About three months ago, I was returning from a visit to CBS, and having driven with a colleague who was headed another way, decided to take the train back to Pasadena. While I was looking at a sign trying to figure out my way in Union Station, I was approached by a kind gentleman who asked if I needed help. He sent me on my way. A few minutes later, I found him again on the platform of the Gold Line. This time, we engaged in conversation, and sat together in the train. He was an American, had worked in Washington, DC, had bet it all and lost it, and gone to become an English teacher in Japan. Now he was in L.A., working in a temporary job as a dentist's assistant and looking for a more permanent job. He seemed to me clearly smart. He had, he said, fallen in hard times: no girlfriend, no permanent job, no good place to live. A far cry from his previous life as a professional in DC, he said. Then he got philosophical: "In the Far East, too much credit is given to chance. But here, too little is --our Western culture forces us to accept the blame for everything that happens to us. And that is not healthy either." At that point, he realized he had gone past his station, and ran off the train, never to be seen by me again. The man had a point.
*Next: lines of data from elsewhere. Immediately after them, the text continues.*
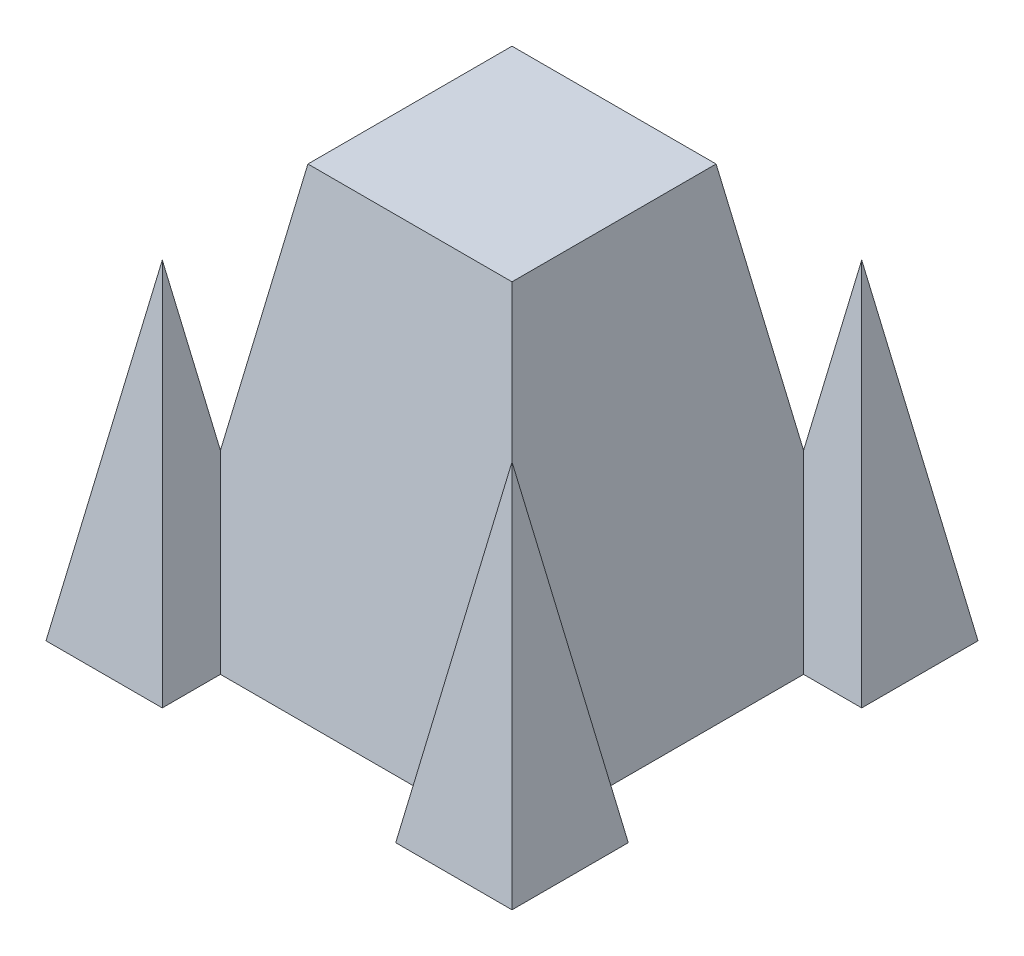
ISO-10303-21;
HEADER;
FILE_DESCRIPTION(('STEP AP214'),'2;1');
FILE_NAME('part.step','',(''),(''),'','','');
FILE_SCHEMA(('AUTOMOTIVE_DESIGN { 1 0 10303 214 1 1 1 1 }'));
ENDSEC;
DATA;
#1=APPLICATION_CONTEXT('core data for automotive mechanical design processes');
#2=APPLICATION_PROTOCOL_DEFINITION('international standard','automotive_design',2000,#1);
#3=PRODUCT_CONTEXT('',#1,'mechanical');
#4=PRODUCT('Part','Part','',(#3));
#5=PRODUCT_RELATED_PRODUCT_CATEGORY('part','',(#4));
#6=PRODUCT_DEFINITION_FORMATION('','',#4);
#7=PRODUCT_DEFINITION_CONTEXT('part definition',#1,'design');
#8=PRODUCT_DEFINITION('design','',#6,#7);
#9=PRODUCT_DEFINITION_SHAPE('','',#8);
#10=(LENGTH_UNIT() NAMED_UNIT(*) SI_UNIT(.MILLI.,.METRE.));
#11=(NAMED_UNIT(*) PLANE_ANGLE_UNIT() SI_UNIT($,.RADIAN.));
#12=(NAMED_UNIT(*) SI_UNIT($,.STERADIAN.) SOLID_ANGLE_UNIT());
#13=UNCERTAINTY_MEASURE_WITH_UNIT(LENGTH_MEASURE(1.E-05),#10,'distance_accuracy_value','');
#14=(GEOMETRIC_REPRESENTATION_CONTEXT(3) GLOBAL_UNCERTAINTY_ASSIGNED_CONTEXT((#13)) GLOBAL_UNIT_ASSIGNED_CONTEXT((#10,
#11,#12)) REPRESENTATION_CONTEXT('',''));
#15=CARTESIAN_POINT('',(0.,0.,0.));
#16=DIRECTION('',(0.,0.,1.));
#17=DIRECTION('',(1.,0.,0.));
#18=AXIS2_PLACEMENT_3D('',#15,#16,#17);
#19=CARTESIAN_POINT('',(29.6786730722033,0.,59.2470630383818));
#20=DIRECTION('',(-0.984807753012208,0.173648177666931,0.));
#21=DIRECTION('',(-0.173648177666931,-0.984807753012208,0.));
#22=AXIS2_PLACEMENT_3D('',#19,#20,#21);
#23=PLANE('',#22);
#24=DIRECTION('',(-0.171087869746036,-0.970287525247814,0.171087869746036));
#25=VECTOR('',#24,1.);
#26=CARTESIAN_POINT('',(30.5441711645902,4.90848359626769,58.3815649459949));
#27=LINE('',#26,#25);
#28=CARTESIAN_POINT('',(44.4628680552925,83.8453362252772,44.4628680552926));
#29=VERTEX_POINT('',#28);
#30=CARTESIAN_POINT('',(29.6786730722033,0.,59.2470630383818));
#31=VERTEX_POINT('',#30);
#32=EDGE_CURVE('E257',#29,#31,#27,.T.);
#33=ORIENTED_EDGE('',*,*,#32,.F.);
#34=DIRECTION('',(-0.171087869746036,-0.970287525247814,-0.171087869746036));
#35=VECTOR('',#34,1.);
#36=CARTESIAN_POINT('',(30.5441711645902,4.9084835962677,30.5441711645902));
#37=LINE('',#36,#35);
#38=CARTESIAN_POINT('',(37.0707705637479,41.9226681126385,37.0707705637479));
#39=VERTEX_POINT('',#38);
#40=EDGE_CURVE('E325',#29,#39,#37,.T.);
#41=ORIENTED_EDGE('',*,*,#40,.T.);
#42=DIRECTION('',(-0.171087869746036,-0.970287525247814,0.171087869746036));
#43=VECTOR('',#42,1.);
#44=CARTESIAN_POINT('',(27.9412206807847,-9.8535821599034,46.2003204467111));
#45=LINE('',#44,#43);
#46=CARTESIAN_POINT('',(29.6786730722033,0.,44.4628680552925));
#47=VERTEX_POINT('',#46);
#48=EDGE_CURVE('E261',#39,#47,#45,.T.);
#49=ORIENTED_EDGE('',*,*,#48,.T.);
#50=DIRECTION('',(0.,0.,1.));
#51=VECTOR('',#50,1.);
#52=CARTESIAN_POINT('',(29.6786730722033,0.,59.2470630383818));
#53=LINE('',#52,#51);
#54=EDGE_CURVE('E199',#47,#31,#53,.T.);
#55=ORIENTED_EDGE('',*,*,#54,.T.);
#56=EDGE_LOOP('',(#33,#41,#49,#55));
#57=FACE_BOUND('',#56,.T.);
#58=ADVANCED_FACE('F33',(#57),#23,.T.);
#59=CARTESIAN_POINT('',(59.2470630383818,0.,59.2470630383818));
#60=DIRECTION('',(0.,0.173648177666931,0.984807753012208));
#61=DIRECTION('',(0.,-0.984807753012208,0.173648177666931));
#62=AXIS2_PLACEMENT_3D('',#59,#60,#61);
#63=PLANE('',#62);
#64=DIRECTION('',(1.,0.,0.));
#65=VECTOR('',#64,1.);
#66=CARTESIAN_POINT('',(59.2470630383818,0.,59.2470630383818));
#67=LINE('',#66,#65);
#68=CARTESIAN_POINT('',(59.2470630383818,0.,59.2470630383818));
#69=VERTEX_POINT('',#68);
#70=EDGE_CURVE('E202',#31,#69,#67,.T.);
#71=ORIENTED_EDGE('',*,*,#70,.T.);
#72=DIRECTION('',(0.171087869746036,-0.970287525247814,0.171087869746036));
#73=VECTOR('',#72,1.);
#74=CARTESIAN_POINT('',(59.2470630383818,0.,59.2470630383818));
#75=LINE('',#74,#73);
#76=EDGE_CURVE('E260',#29,#69,#75,.T.);
#77=ORIENTED_EDGE('',*,*,#76,.F.);
#78=ORIENTED_EDGE('',*,*,#32,.T.);
#79=EDGE_LOOP('',(#71,#77,#78));
#80=FACE_BOUND('',#79,.T.);
#81=ADVANCED_FACE('F35',(#80),#63,.T.);
#82=CARTESIAN_POINT('',(59.2470630383818,0.,59.2470630383818));
#83=DIRECTION('',(0.984807753012208,0.173648177666931,0.));
#84=DIRECTION('',(-0.173648177666931,0.984807753012208,0.));
#85=AXIS2_PLACEMENT_3D('',#82,#83,#84);
#86=PLANE('',#85);
#87=DIRECTION('',(0.,0.,-1.));
#88=VECTOR('',#87,1.);
#89=CARTESIAN_POINT('',(59.2470630383818,0.,59.2470630383818));
#90=LINE('',#89,#88);
#91=CARTESIAN_POINT('',(59.2470630383818,0.,29.6786730722033));
#92=VERTEX_POINT('',#91);
#93=EDGE_CURVE('E205',#69,#92,#90,.T.);
#94=ORIENTED_EDGE('',*,*,#93,.T.);
#95=DIRECTION('',(0.171087869746036,-0.970287525247814,-0.171087869746036));
#96=VECTOR('',#95,1.);
#97=CARTESIAN_POINT('',(59.2470630383818,0.,29.6786730722033));
#98=LINE('',#97,#96);
#99=EDGE_CURVE('E299',#29,#92,#98,.T.);
#100=ORIENTED_EDGE('',*,*,#99,.F.);
#101=ORIENTED_EDGE('',*,*,#76,.T.);
#102=EDGE_LOOP('',(#94,#100,#101));
#103=FACE_BOUND('',#102,.T.);
#104=ADVANCED_FACE('F409',(#103),#86,.T.);
#105=CARTESIAN_POINT('',(59.2470630383818,0.,29.6786730722033));
#106=DIRECTION('',(0.,0.173648177666931,-0.984807753012208));
#107=DIRECTION('',(0.,0.984807753012208,0.173648177666931));
#108=AXIS2_PLACEMENT_3D('',#105,#106,#107);
#109=PLANE('',#108);
#110=ORIENTED_EDGE('',*,*,#40,.F.);
#111=ORIENTED_EDGE('',*,*,#99,.T.);
#112=DIRECTION('',(-1.,0.,0.));
#113=VECTOR('',#112,1.);
#114=CARTESIAN_POINT('',(59.2470630383818,0.,29.6786730722033));
#115=LINE('',#114,#113);
#116=CARTESIAN_POINT('',(44.4628680552925,0.,29.6786730722033));
#117=VERTEX_POINT('',#116);
#118=EDGE_CURVE('E207',#92,#117,#115,.T.);
#119=ORIENTED_EDGE('',*,*,#118,.T.);
#120=DIRECTION('',(0.171087869746036,-0.970287525247814,-0.171087869746036));
#121=VECTOR('',#120,1.);
#122=CARTESIAN_POINT('',(44.895617101486,-2.45424179813385,29.2459240260098));
#123=LINE('',#122,#121);
#124=EDGE_CURVE('E297',#39,#117,#123,.T.);
#125=ORIENTED_EDGE('',*,*,#124,.F.);
#126=EDGE_LOOP('',(#110,#111,#119,#125));
#127=FACE_BOUND('',#126,.T.);
#128=ADVANCED_FACE('F404',(#127),#109,.T.);
#129=CARTESIAN_POINT('',(44.4628680552925,0.,-29.6786730722032));
#130=DIRECTION('',(0.984807753012208,0.173648177666931,0.));
#131=DIRECTION('',(-0.173648177666931,0.984807753012208,0.));
#132=AXIS2_PLACEMENT_3D('',#129,#130,#131);
#133=PLANE('',#132);
#134=DIRECTION('',(0.,0.,1.));
#135=VECTOR('',#134,1.);
#136=CARTESIAN_POINT('',(25.9485350809036,105.,0.));
#137=LINE('',#136,#135);
#138=CARTESIAN_POINT('',(25.9485350809036,105.,25.9485350809037));
#139=VERTEX_POINT('',#138);
#140=CARTESIAN_POINT('',(25.9485350809036,105.,-25.9485350809037));
#141=VERTEX_POINT('',#140);
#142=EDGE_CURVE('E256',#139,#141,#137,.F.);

In order to learn the right lessons, it is important to know what role luck had or did not have in bringing about the events in our lives.


Later that day, one of the engineers in my group approached me with a question: "Alex, I am seeing something very strange. The higher the conversion rate (fraction of clicks that become a sale or other desired event) we see for a keyword, the more our calculations say we need to discount the conversion rate for the probability that it happened by chance!" Although it might seem counterintuitive, this result was correct, as can be easily seen with a couple of examples: Let's say we throw a biased coin (e.g. one with a probability distribution of heads and tails different than 50-50%) a few times, winning $1 for every head and losing $1 for every tail. If we get no heads, we know we have not been lucky at all. The coin might have been biased toward tails, but whatever its probability distribution is, we know luck did not make it seem more biased toward heads than it really is. So any role luck had, if any, must have been to show more tails than would happen on average. Thus, our estimate of the probability distribution of heads and tails will be more biased toward heads than what we actually observed, which was 0% heads. Likewise, if we get all heads, luck certainly played no role against us. If there was any luck, it was for us. Thus, for a given number of coin tosses, our estimate of the underlying probability distribution should assign a larger role to good luck (i.e. discount the observed distribution more) the more favorable the result has been. Which is what the engineer had found.


The two events that day were seemingly very different reflections on the same phenomenon. It is important to correctly appraise the role of luck.